When is human review mandatory?
Inside Intellect, every interaction is classified into a tiered risk system: Level 1 is standard, Level 2 moderate, Level 3 high-risk, and Level 3A acute — the tier at which the system stops deliberating and a human being intervenes immediately. The clinical detail is ours; the design pattern underneath is portable to any AI product. Automation confidence must run inversely to severity, and the handoff to a human should be designed before the feature is, not bolted on after the first incident.

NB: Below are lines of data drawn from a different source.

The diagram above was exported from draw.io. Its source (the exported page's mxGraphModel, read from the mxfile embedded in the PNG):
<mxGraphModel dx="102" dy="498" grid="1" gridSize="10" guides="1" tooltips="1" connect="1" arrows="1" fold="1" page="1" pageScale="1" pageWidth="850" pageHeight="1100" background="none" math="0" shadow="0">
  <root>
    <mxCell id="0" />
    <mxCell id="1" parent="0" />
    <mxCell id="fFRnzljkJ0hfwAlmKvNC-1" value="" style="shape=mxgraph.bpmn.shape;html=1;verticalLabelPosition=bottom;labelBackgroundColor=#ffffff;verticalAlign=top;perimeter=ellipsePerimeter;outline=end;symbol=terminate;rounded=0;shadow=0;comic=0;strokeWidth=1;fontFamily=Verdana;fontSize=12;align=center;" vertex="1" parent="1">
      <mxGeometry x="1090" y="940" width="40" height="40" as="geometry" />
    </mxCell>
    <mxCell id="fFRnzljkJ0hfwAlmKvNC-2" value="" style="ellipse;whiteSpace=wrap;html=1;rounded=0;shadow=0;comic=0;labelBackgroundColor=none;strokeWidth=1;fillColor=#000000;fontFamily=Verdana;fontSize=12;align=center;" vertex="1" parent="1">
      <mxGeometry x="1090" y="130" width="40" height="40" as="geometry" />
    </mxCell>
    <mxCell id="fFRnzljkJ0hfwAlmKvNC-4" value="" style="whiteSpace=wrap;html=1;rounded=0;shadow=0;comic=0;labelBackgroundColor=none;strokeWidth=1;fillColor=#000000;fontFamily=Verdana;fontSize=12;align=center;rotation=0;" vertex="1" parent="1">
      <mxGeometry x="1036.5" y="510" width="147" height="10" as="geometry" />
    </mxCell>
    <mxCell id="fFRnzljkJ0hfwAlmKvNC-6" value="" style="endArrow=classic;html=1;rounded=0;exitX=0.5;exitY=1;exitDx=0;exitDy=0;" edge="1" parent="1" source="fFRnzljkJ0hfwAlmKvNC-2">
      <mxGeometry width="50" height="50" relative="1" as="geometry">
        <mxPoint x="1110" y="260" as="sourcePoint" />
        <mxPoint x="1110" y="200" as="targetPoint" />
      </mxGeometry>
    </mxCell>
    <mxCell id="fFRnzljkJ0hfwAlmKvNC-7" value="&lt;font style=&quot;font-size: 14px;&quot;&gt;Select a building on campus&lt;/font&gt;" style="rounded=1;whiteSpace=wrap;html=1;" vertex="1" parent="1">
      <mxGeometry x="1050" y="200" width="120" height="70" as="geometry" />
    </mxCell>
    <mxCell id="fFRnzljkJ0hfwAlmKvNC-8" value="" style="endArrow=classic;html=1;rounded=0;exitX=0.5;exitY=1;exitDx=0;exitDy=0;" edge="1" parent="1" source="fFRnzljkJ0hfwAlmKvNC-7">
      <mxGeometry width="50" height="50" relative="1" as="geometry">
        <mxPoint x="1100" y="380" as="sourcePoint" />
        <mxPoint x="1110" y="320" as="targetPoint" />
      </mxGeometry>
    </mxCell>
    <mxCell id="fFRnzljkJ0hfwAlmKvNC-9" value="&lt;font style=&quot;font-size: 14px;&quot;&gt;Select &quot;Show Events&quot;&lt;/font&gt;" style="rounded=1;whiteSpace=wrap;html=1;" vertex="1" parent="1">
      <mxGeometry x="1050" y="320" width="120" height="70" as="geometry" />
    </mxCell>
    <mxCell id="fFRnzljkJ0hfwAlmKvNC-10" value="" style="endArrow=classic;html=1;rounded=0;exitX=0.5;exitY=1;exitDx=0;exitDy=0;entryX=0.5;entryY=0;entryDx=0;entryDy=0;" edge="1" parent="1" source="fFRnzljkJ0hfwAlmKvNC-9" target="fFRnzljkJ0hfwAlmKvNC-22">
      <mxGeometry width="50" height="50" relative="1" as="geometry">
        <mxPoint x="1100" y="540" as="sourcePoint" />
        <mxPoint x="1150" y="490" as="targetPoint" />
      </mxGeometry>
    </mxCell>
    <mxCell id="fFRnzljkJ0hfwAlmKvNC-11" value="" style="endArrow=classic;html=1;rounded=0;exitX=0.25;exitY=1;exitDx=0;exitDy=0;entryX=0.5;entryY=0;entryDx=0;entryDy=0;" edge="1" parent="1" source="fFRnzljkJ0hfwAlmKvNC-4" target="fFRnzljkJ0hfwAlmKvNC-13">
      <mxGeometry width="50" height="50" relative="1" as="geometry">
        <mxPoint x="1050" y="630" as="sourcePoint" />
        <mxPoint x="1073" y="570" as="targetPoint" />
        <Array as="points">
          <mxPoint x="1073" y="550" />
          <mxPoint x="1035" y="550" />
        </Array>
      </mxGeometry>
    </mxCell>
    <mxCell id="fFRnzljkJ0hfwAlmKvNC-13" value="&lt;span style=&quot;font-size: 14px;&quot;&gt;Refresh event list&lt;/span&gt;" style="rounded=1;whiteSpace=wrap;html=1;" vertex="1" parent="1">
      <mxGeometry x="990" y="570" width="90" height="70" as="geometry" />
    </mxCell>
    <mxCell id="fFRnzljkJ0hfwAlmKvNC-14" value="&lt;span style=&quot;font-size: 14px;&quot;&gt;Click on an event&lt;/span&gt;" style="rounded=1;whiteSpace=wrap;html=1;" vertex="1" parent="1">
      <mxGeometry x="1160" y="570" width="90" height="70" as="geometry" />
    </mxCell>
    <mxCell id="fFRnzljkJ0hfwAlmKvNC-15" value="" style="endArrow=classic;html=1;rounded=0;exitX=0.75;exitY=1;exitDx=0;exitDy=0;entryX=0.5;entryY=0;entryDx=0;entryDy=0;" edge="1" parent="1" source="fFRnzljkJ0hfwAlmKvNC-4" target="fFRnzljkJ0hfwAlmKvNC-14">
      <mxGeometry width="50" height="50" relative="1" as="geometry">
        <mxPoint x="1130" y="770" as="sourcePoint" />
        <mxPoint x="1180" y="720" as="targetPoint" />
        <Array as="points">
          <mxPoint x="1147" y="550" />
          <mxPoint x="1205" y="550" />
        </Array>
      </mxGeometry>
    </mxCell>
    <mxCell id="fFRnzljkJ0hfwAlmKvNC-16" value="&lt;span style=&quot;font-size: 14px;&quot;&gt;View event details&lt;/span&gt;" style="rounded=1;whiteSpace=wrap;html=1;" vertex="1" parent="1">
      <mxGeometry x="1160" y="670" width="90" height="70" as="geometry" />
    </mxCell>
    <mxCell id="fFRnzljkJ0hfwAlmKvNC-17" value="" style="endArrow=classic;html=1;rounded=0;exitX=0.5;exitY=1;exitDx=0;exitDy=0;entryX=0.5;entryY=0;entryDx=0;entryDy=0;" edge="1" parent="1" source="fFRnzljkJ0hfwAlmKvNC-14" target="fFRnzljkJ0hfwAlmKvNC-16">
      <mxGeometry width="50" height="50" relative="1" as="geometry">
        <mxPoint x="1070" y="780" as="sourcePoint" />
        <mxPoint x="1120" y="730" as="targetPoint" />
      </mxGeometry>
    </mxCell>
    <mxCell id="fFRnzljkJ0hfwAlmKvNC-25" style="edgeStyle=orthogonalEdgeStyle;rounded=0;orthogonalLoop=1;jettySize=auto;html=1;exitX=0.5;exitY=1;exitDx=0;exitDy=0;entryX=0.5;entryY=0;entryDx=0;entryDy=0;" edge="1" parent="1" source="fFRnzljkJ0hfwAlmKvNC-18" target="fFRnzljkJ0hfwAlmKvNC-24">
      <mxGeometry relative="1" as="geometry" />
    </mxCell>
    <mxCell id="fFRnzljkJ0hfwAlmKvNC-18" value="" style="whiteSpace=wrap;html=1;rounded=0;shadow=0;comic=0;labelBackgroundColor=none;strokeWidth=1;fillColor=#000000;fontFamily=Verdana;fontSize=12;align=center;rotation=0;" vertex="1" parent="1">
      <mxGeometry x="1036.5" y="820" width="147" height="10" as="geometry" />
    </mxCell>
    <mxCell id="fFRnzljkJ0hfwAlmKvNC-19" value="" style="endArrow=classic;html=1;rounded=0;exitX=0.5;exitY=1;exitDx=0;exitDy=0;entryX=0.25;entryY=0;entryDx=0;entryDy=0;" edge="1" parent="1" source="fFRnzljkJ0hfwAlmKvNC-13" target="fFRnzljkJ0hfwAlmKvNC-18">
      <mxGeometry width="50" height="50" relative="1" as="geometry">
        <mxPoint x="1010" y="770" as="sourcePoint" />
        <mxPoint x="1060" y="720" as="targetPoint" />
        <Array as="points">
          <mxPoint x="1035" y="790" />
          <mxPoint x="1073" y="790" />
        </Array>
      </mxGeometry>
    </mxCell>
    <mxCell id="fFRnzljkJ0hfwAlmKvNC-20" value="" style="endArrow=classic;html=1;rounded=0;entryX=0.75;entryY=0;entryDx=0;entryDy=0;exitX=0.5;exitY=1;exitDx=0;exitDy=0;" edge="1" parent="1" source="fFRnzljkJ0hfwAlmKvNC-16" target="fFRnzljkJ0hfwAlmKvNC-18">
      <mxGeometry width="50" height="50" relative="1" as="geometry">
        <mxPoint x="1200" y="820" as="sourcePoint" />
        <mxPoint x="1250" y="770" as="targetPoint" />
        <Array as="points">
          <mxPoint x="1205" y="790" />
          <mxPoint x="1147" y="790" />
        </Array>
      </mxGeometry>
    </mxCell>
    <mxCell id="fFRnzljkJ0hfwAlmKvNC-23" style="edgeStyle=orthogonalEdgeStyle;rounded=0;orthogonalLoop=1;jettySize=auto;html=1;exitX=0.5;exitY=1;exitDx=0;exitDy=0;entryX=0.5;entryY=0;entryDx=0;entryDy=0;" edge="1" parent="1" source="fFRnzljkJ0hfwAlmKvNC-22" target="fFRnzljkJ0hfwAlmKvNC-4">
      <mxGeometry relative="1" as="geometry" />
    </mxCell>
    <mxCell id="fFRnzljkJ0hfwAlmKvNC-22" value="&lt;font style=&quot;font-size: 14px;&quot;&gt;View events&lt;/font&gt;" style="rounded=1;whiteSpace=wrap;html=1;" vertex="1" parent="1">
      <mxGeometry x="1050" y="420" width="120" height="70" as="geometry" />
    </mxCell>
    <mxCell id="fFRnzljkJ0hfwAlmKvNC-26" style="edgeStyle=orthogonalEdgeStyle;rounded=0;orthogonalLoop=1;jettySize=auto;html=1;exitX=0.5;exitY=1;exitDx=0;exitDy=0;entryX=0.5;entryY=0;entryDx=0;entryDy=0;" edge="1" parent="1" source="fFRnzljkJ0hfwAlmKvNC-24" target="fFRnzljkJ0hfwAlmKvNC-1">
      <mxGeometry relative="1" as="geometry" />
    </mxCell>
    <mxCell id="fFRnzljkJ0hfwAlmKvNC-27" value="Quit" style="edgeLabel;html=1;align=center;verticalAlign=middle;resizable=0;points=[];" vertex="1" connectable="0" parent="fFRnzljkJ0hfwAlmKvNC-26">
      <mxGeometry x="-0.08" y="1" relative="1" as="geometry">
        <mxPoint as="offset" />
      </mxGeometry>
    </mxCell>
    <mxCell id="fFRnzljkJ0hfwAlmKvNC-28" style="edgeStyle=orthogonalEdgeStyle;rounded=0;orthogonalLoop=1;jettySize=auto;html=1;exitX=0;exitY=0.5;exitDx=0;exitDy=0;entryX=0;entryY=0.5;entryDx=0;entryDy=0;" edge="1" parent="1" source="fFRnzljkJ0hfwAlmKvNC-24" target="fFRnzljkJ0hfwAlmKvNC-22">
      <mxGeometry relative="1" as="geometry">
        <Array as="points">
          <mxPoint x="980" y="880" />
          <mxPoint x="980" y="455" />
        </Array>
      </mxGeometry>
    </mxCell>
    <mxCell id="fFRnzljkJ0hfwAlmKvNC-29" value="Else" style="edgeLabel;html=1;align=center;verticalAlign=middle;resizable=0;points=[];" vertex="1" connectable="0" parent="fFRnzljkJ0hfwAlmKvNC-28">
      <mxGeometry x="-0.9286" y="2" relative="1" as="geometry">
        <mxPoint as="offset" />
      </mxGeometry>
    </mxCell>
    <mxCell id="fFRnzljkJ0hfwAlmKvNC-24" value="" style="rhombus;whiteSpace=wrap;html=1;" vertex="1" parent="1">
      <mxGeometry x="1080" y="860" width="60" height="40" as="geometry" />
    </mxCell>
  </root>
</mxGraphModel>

In practice, human review is mandatory in three places, and I would defend all three in any domain:
First, the top severity tier in production — always, regardless of how confident the model claims to be. Our 3A path ends at a person within minutes. Yours might end at a fraud analyst or a lawyer. Every product has a 3A; the only question is whether you have named it.
Second, before any genuinely new class of feature launches, humans grade a large sample of outputs by hand. Automated judges are calibrated on failure modes you have already met. A new feature class produces new ones, and the first hundred of those need human eyes, not a rubric written for the previous feature.
Third, a standing sampled audit of production outputs, forever. Models drift, prompts accrete, user behaviour mutates. The eval suite tells you the feature was good when you shipped it. Only sampling tells you it still is.
Prompts are code. Test them like code.
A one-word change to a system prompt is a deploy. It alters production behaviour exactly as surely as a code change does, and yet I have watched teams that would never merge a pull request without tests cheerfully rewrite a prompt at 6pm and go home. The fix is unglamorous: version the prompts, run the full suite on every change, and treat a regression as a failed build rather than an interesting observation.
Model upgrades deserve the same paranoia at greater scale. Swapping the underlying model is a platform migration wearing a changelog that says "improved". We once took an upgrade that was better on nearly every measure we tracked — and the suite caught it behaving subtly differently on one escalation path. No human chatting with the feature would have noticed, because every individual answer still looked excellent. The diff only existed in aggregate, which is the only place these models can really be seen.
The eval suite is the only institutional memory an AI product has. People leave, prompts get rewritten, models get swapped under you on a vendor's schedule rather than your own. The suite is the one artefact that remembers every way the product has previously failed and checks, every single release, that it has not started failing those ways again.
The three papers we have put out — the bias evaluation across nine models, a protocol for cutting the time between detecting risk and acting on it, a composite framework for measuring provider quality — look, from the outside, like academic output. They are really just lab notes from the same habit: refusing to take the model's word for it, then writing down what we found.
The models will keep improving, which is the genuinely dangerous part. Every improvement makes the demo more convincing and the eyeball test less reliable, so the better the model gets, the better your exam has to be. Ours gets longer every quarter. I no longer expect that to stop.